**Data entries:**
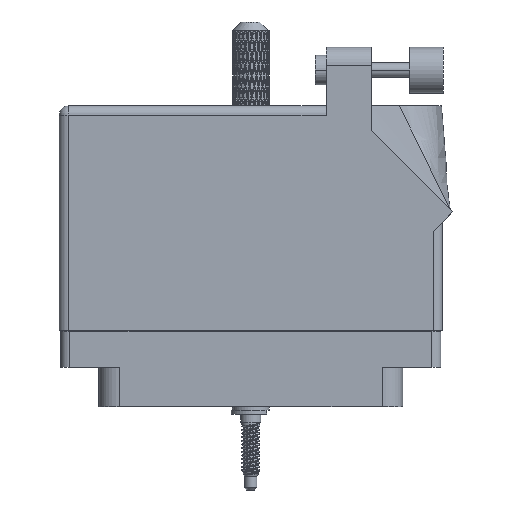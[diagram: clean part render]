
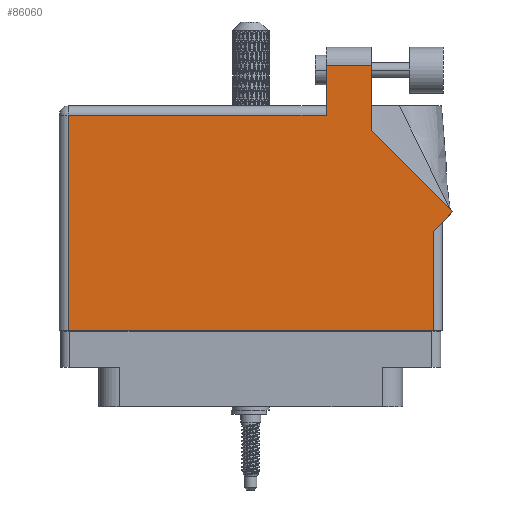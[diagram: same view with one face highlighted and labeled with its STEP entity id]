
A CAD part, front view. The second image highlights one B-rep face of the part: STEP entity #86060.
In plain terms, the highlighted face is planar.
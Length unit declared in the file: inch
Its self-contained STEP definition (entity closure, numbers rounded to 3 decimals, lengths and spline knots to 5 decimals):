
#2246 = LINE ( 'NONE', #39122, #100920 ) ;
#9268 = CARTESIAN_POINT ( 'NONE',  ( 0.513, 1.368, 0.455 ) ) ;
#9839 = CARTESIAN_POINT ( 'NONE',  ( 1.37671, 0.70771, 0.455 ) ) ;
#10518 = DIRECTION ( 'NONE',  ( 0., 1., 0. ) ) ;
#11120 = CARTESIAN_POINT ( 'NONE',  ( 1.244, 0.637, 0.455 ) ) ;
#11333 = CARTESIAN_POINT ( 'NONE',  ( 0.513, 1.705, 0.455 ) ) ;
#12654 = VECTOR ( 'NONE', #32238, 39.37008 ) ;
#12817 = VECTOR ( 'NONE', #10518, 39.37008 ) ;
#13167 = VECTOR ( 'NONE', #106937, 39.37008 ) ;
#15201 = VERTEX_POINT ( 'NONE', #52879 ) ;
#16080 = ORIENTED_EDGE ( 'NONE', *, *, #72872, .T. ) ;
#16642 = VECTOR ( 'NONE', #28261, 39.37008 ) ;
#17146 = VERTEX_POINT ( 'NONE', #51295 ) ;
#18767 = CARTESIAN_POINT ( 'NONE',  ( 1.37671, 0.70771, 0.455 ) ) ;
#20330 = CARTESIAN_POINT ( 'NONE',  ( -1.306, 1.43, 0.455 ) ) ;
#20630 = DIRECTION ( 'NONE',  ( 0.707, 0.707, 0. ) ) ;
#20847 = LINE ( 'NONE', #11333, #97252 ) ;
#21510 = DIRECTION ( 'NONE',  ( -1., 0., 0. ) ) ;
#25478 = AXIS2_PLACEMENT_3D ( 'NONE', #20330, #39950, #21510 ) ;
#27725 = CARTESIAN_POINT ( 'NONE',  ( 0.82, 1.26442, 0.455 ) ) ;
#28261 = DIRECTION ( 'NONE',  ( -0.707, 0.707, 0. ) ) ;
#30002 = ORIENTED_EDGE ( 'NONE', *, *, #39108, .T. ) ;
#30773 = EDGE_CURVE ( 'NONE', #70092, #111842, #101013, .T. ) ;
#31366 = DIRECTION ( 'NONE',  ( 1., 0., 0. ) ) ;
#32238 = DIRECTION ( 'NONE',  ( -1., 0., 0. ) ) ;
#32471 = EDGE_CURVE ( 'NONE', #64924, #82315, #85821, .T. ) ;
#34199 = CARTESIAN_POINT ( 'NONE',  ( 0.82, 1.705, 0.455 ) ) ;
#34573 = CARTESIAN_POINT ( 'NONE',  ( -1.244, -0.1, 0.455 ) ) ;
#38068 = EDGE_CURVE ( 'NONE', #15201, #64924, #59900, .T. ) ;
#39108 = EDGE_CURVE ( 'NONE', #17146, #79376, #72971, .T. ) ;
#39122 = CARTESIAN_POINT ( 'NONE',  ( -1.306, -0.1, 0.455 ) ) ;
#39950 = DIRECTION ( 'NONE',  ( 0., 0., -1. ) ) ;
#41379 = ORIENTED_EDGE ( 'NONE', *, *, #38068, .T. ) ;
#43503 = VERTEX_POINT ( 'NONE', #57698 ) ;
#44445 = CARTESIAN_POINT ( 'NONE',  ( 1.244, 0.575, 0.455 ) ) ;
#45071 = ORIENTED_EDGE ( 'NONE', *, *, #30773, .T. ) ;
#48008 = LINE ( 'NONE', #73604, #60719 ) ;
#51295 = CARTESIAN_POINT ( 'NONE',  ( 0.82, 1.26442, 0.455 ) ) ;
#52879 = CARTESIAN_POINT ( 'NONE',  ( 0.513, 1.705, 0.455 ) ) ;
#57139 = DIRECTION ( 'NONE',  ( -1., 0., 0. ) ) ;
#57698 = CARTESIAN_POINT ( 'NONE',  ( -1.244, -0.1, 0.455 ) ) ;
#59900 = LINE ( 'NONE', #113521, #13167 ) ;
#60719 = VECTOR ( 'NONE', #20630, 39.37008 ) ;
#63122 = LINE ( 'NONE', #34573, #69648 ) ;
#63362 = CARTESIAN_POINT ( 'NONE',  ( 1.244, -0.1, 0.455 ) ) ;
#63396 = LINE ( 'NONE', #9839, #16642 ) ;
#63509 = EDGE_LOOP ( 'NONE', ( #30002, #99677, #41379, #79156, #73381, #111703, #45071, #84669, #16080 ) ) ;
#64024 = DIRECTION ( 'NONE',  ( 0., 1., 0. ) ) ;
#64924 = VERTEX_POINT ( 'NONE', #9268 ) ;
#69374 = EDGE_CURVE ( 'NONE', #43503, #70092, #2246, .T. ) ;
#69648 = VECTOR ( 'NONE', #89341, 39.37008 ) ;
#70092 = VERTEX_POINT ( 'NONE', #63362 ) ;
#72872 = EDGE_CURVE ( 'NONE', #100075, #17146, #63396, .T. ) ;
#72971 = LINE ( 'NONE', #27725, #96500 ) ;
#73381 = ORIENTED_EDGE ( 'NONE', *, *, #73553, .T. ) ;
#73553 = EDGE_CURVE ( 'NONE', #82315, #43503, #63122, .T. ) ;
#73604 = CARTESIAN_POINT ( 'NONE',  ( 1.306, 0.637, 0.455 ) ) ;
#77534 = EDGE_CURVE ( 'NONE', #79376, #15201, #20847, .T. ) ;
#79156 = ORIENTED_EDGE ( 'NONE', *, *, #32471, .T. ) ;
#79376 = VERTEX_POINT ( 'NONE', #34199 ) ;
#82315 = VERTEX_POINT ( 'NONE', #109129 ) ;
#84669 = ORIENTED_EDGE ( 'NONE', *, *, #102357, .T. ) ;
#85821 = LINE ( 'NONE', #96516, #12654 ) ;
#86060 = ADVANCED_FACE ( 'NONE', ( #101867 ), #103064, .F. ) ;
#89341 = DIRECTION ( 'NONE',  ( 0., -1., 0. ) ) ;
#96500 = VECTOR ( 'NONE', #64024, 39.37008 ) ;
#96516 = CARTESIAN_POINT ( 'NONE',  ( -1.306, 1.368, 0.455 ) ) ;
#97252 = VECTOR ( 'NONE', #57139, 39.37008 ) ;
#99677 = ORIENTED_EDGE ( 'NONE', *, *, #77534, .T. ) ;
#100075 = VERTEX_POINT ( 'NONE', #18767 ) ;
#100920 = VECTOR ( 'NONE', #31366, 39.37008 ) ;
#101013 = LINE ( 'NONE', #11120, #12817 ) ;
#101867 = FACE_OUTER_BOUND ( 'NONE', #63509, .T. ) ;
#102357 = EDGE_CURVE ( 'NONE', #111842, #100075, #48008, .T. ) ;
#103064 = PLANE ( 'NONE',  #25478 ) ;
#106937 = DIRECTION ( 'NONE',  ( 0., -1., 0. ) ) ;
#109129 = CARTESIAN_POINT ( 'NONE',  ( -1.244, 1.368, 0.455 ) ) ;
#111703 = ORIENTED_EDGE ( 'NONE', *, *, #69374, .T. ) ;
#111842 = VERTEX_POINT ( 'NONE', #44445 ) ;
#113521 = CARTESIAN_POINT ( 'NONE',  ( 0.513, 1.43, 0.455 ) ) ;

**Task to complete:** Your answer must be the lines above from the one containing "#63362 = CARTESIAN_POINT" to the one containing "#73553 = EDGE_CURVE", both included, restated word for word.

**Response area:**
#63362 = CARTESIAN_POINT ( 'NONE',  ( 1.244, -0.1, 0.455 ) ) ;
#63396 = LINE ( 'NONE', #9839, #16642 ) ;
#63509 = EDGE_LOOP ( 'NONE', ( #30002, #99677, #41379, #79156, #73381, #111703, #45071, #84669, #16080 ) ) ;
#64024 = DIRECTION ( 'NONE',  ( 0., 1., 0. ) ) ;
#64924 = VERTEX_POINT ( 'NONE', #9268 ) ;
#69374 = EDGE_CURVE ( 'NONE', #43503, #70092, #2246, .T. ) ;
#69648 = VECTOR ( 'NONE', #89341, 39.37008 ) ;
#70092 = VERTEX_POINT ( 'NONE', #63362 ) ;
#72872 = EDGE_CURVE ( 'NONE', #100075, #17146, #63396, .T. ) ;
#72971 = LINE ( 'NONE', #27725, #96500 ) ;
#73381 = ORIENTED_EDGE ( 'NONE', *, *, #73553, .T. ) ;
#73553 = EDGE_CURVE ( 'NONE', #82315, #43503, #63122, .T. ) ;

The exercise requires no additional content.